#### Exercise aim
Copy each line of the data beneath in which the word "through" appears.

::::::

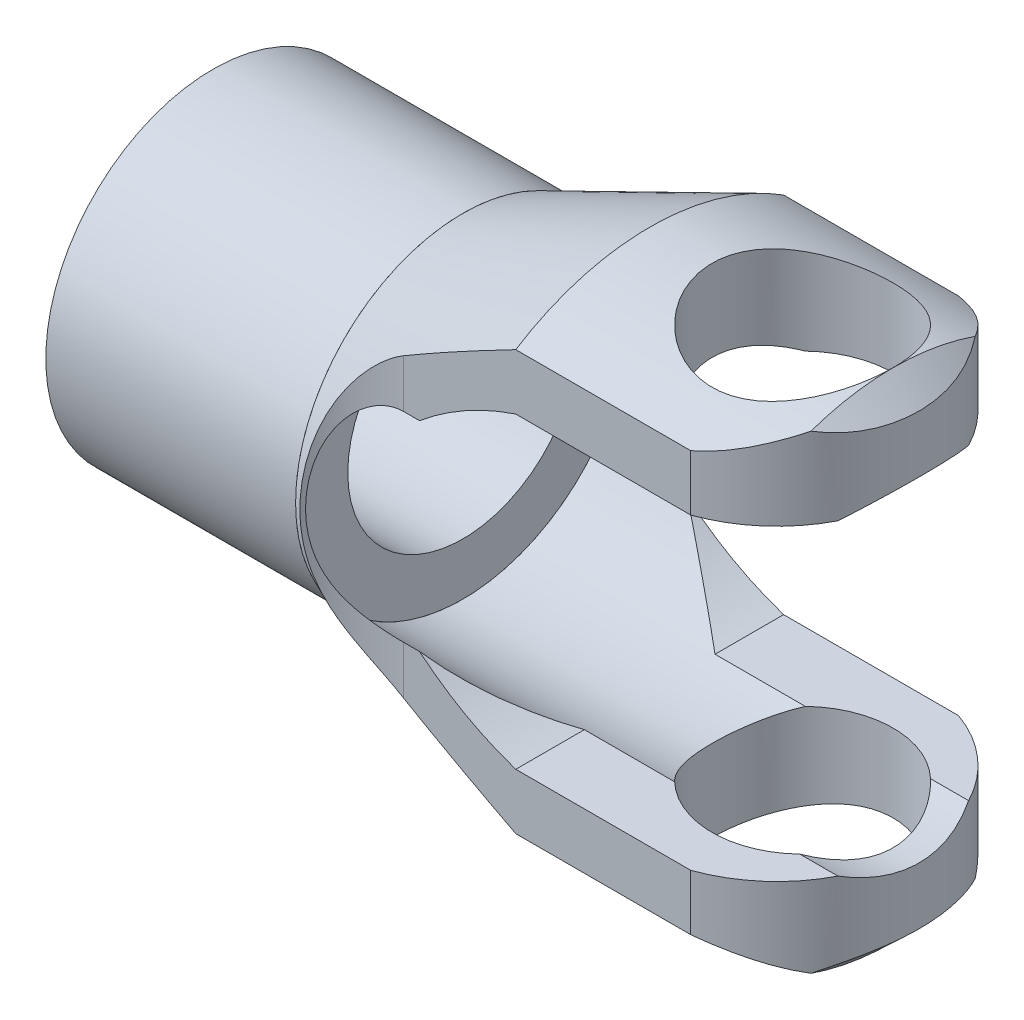
SolidWorks part; units mm, degrees
ref_plane "Front Plane" through (0, 0, 0) normal (0, 0, 1) x (1, 0, 0)
ref_plane "Top Plane" through (0, 0, 0) normal (0, 1, 0) x (1, 0, 0)
ref_plane "Right Plane" through (0, 0, 0) normal (1, 0, 0) x (0, 0, -1)
sketch "Sketch2" plane through (0, 0, 0) normal (1, 0, 0) x (0, 0, -1)
  circle A0 centre (0, 0) radius 13.85
extrude "Boss-Extrude1" add sketch "Sketch2" along normal blind 20.7
sketch "Sketch3" plane through (0, 0, 0) normal (1, 0, 0) x (0, 0, -1)
  circle A0 centre (0, 0) radius 9.525
extrude "Cut-Extrude1" cut sketch "Sketch3" along normal blind 30.7 contours A0
sketch "Sketch4" plane through (0, 0, 0) normal (0, 0, 1) x (1, 0, 0)
  line L0 (20.7, -13.85) -> (20.7, 13.85) construction
  line L1 (20.7, 13.85) -> (58.5486, 13.85)
  line L2 (20.7, 13.85) -> (20.7, 0)
  line L3 (0, 0) -> (58.5486, 0) construction
  line L5 (20.7, 13.85) -> (36.196, 20.6129)
  line L6 (36.196, 20.6129) -> (56.3665, 20.6129)
  line L7 (58.5486, 18.5628) -> (58.5486, 15.0336)
  line L8 (58.5486, 15.0336) -> (58.5486, 0)
  line L11 (58.5486, 18.5628) -> (56.3665, 20.6129)
revolve "Revolve1" add sketch "Sketch4" angle 360 about L3 region at (43.0031, 16.9081, 0)
sketch "Sketch5" plane through (0, 0, 0) normal (0, 0, 1) x (1, 0, 0)
  line L0 (0, 0) -> (58.5486, 0) construction
  line L1 (58.5486, -18.5628) -> (58.5486, 18.5628) construction
  line L2 (58.5486, 18.5628) -> (58.5486, -18.5628) construction
  line L3 (58.5486, 18.5628) -> (56.3665, 20.6129) construction
  line L4 (58.5486, 18.5628) -> (58.5486, 12.7478)
  line L5 (58.5486, 12.7478) -> (36.196, 12.7478)
  line L6 (36.196, 20.6129) -> (36.196, -20.6129) construction
  line L7 (20.7, 0) -> (25.7, 0)
  line L8 (20.7, 13.85) -> (20.7, -13.85) construction
  line L9 (25.7, -5.8341) -> (25.7, 5.8341)
  line L10 (58.5486, -12.7478) -> (36.196, -12.7478)
  line L11 (58.5486, 12.7478) -> (67.6641, 12.7478)
  line L12 (67.6641, 12.7478) -> (67.6641, -13.2143)
  line L13 (67.6641, -13.2143) -> (58.5486, -12.7478)
  arc A0 (36.196, 12.7478) -> (25.7, 5.8341) centre (43.9316, -10.42) ccw
  arc A1 (36.196, -12.7478) -> (25.7, -5.8341) centre (43.9316, 10.42) cw
extrude "Cut-Extrude2" cut sketch "Sketch5" against normal blind 30.7 and the other way blind 30.7 contours A1 L10 L13 L12 L11 L5 A0 L9 region at (47.7546, -0.0271, 0)
sketch "Sketch6" plane through (0, 0, 0) normal (0, 1, 0) x (1, 0, 0)
  line L0 (0, 0) -> (58.5486, 0) construction
  line L1 (58.5486, -13.4934) -> (58.5486, 13.4934) construction
  line L2 (36.196, -11.099) -> (36.196, 11.099)
  line L3 (36.196, -16.1984) -> (36.196, 16.1984) construction
  line L4 (36.196, 11.099) -> (50.696, 11.099)
  line L5 (36.196, -11.099) -> (50.696, -11.099)
  line L6 (36.196, 11.099) -> (26.8998, 11.099)
  line L7 (25.7, 16.0322) -> (20.7, 13.85) construction
  line L8 (36.196, -11.099) -> (26.8998, -11.099)
  line L9 (21.3327, 14.1261) -> (20.116, 21.3233)
  line L10 (20.116, 21.3233) -> (78.5664, 21.3233)
  line L11 (78.5664, 21.3233) -> (77.6648, -14.8889)
  line L12 (77.6648, -14.8889) -> (60.9862, -21.5003)
  line L13 (60.9862, -21.5003) -> (22.9709, -18.1946)
  line L14 (22.9709, -18.1946) -> (21.3327, -14.1261)
  arc A0 (50.696, 11.099) -> (50.696, -11.099) centre (46.7515, 0) cw
  arc A1 (26.8998, 11.099) -> (21.3327, 14.1261) centre (26.8998, 17.7317) cw
  arc A2 (26.8998, -11.099) -> (21.3327, -14.1261) centre (26.8998, -17.7317) ccw
  point P10 (36.196, 0)
extrude "Cut-Extrude3" cut sketch "Sketch6" against normal blind 30.7 and the other way blind 30.7 contours L8 A2 L14 L13 L12 L11 L10 L9 A1 L6 L4 A0 L5 region at (43.446, 0, 11.8236)
sketch "Sketch7" plane through (0, 0, 0) normal (0, 1, 0) x (1, 0, 0)
  circle A0 centre (48.8665, 0) radius 7.5
extrude "Cut-Extrude4" cut sketch "Sketch7" against normal blind 38 and the other way blind 33

::::::

#### Written solution
ref_plane "Front Plane" through (0, 0, 0) normal (0, 0, 1) x (1, 0, 0)
ref_plane "Top Plane" through (0, 0, 0) normal (0, 1, 0) x (1, 0, 0)
ref_plane "Right Plane" through (0, 0, 0) normal (1, 0, 0) x (0, 0, -1)
sketch "Sketch2" plane through (0, 0, 0) normal (1, 0, 0) x (0, 0, -1)
sketch "Sketch3" plane through (0, 0, 0) normal (1, 0, 0) x (0, 0, -1)
sketch "Sketch4" plane through (0, 0, 0) normal (0, 0, 1) x (1, 0, 0)
sketch "Sketch5" plane through (0, 0, 0) normal (0, 0, 1) x (1, 0, 0)
sketch "Sketch6" plane through (0, 0, 0) normal (0, 1, 0) x (1, 0, 0)
sketch "Sketch7" plane through (0, 0, 0) normal (0, 1, 0) x (1, 0, 0)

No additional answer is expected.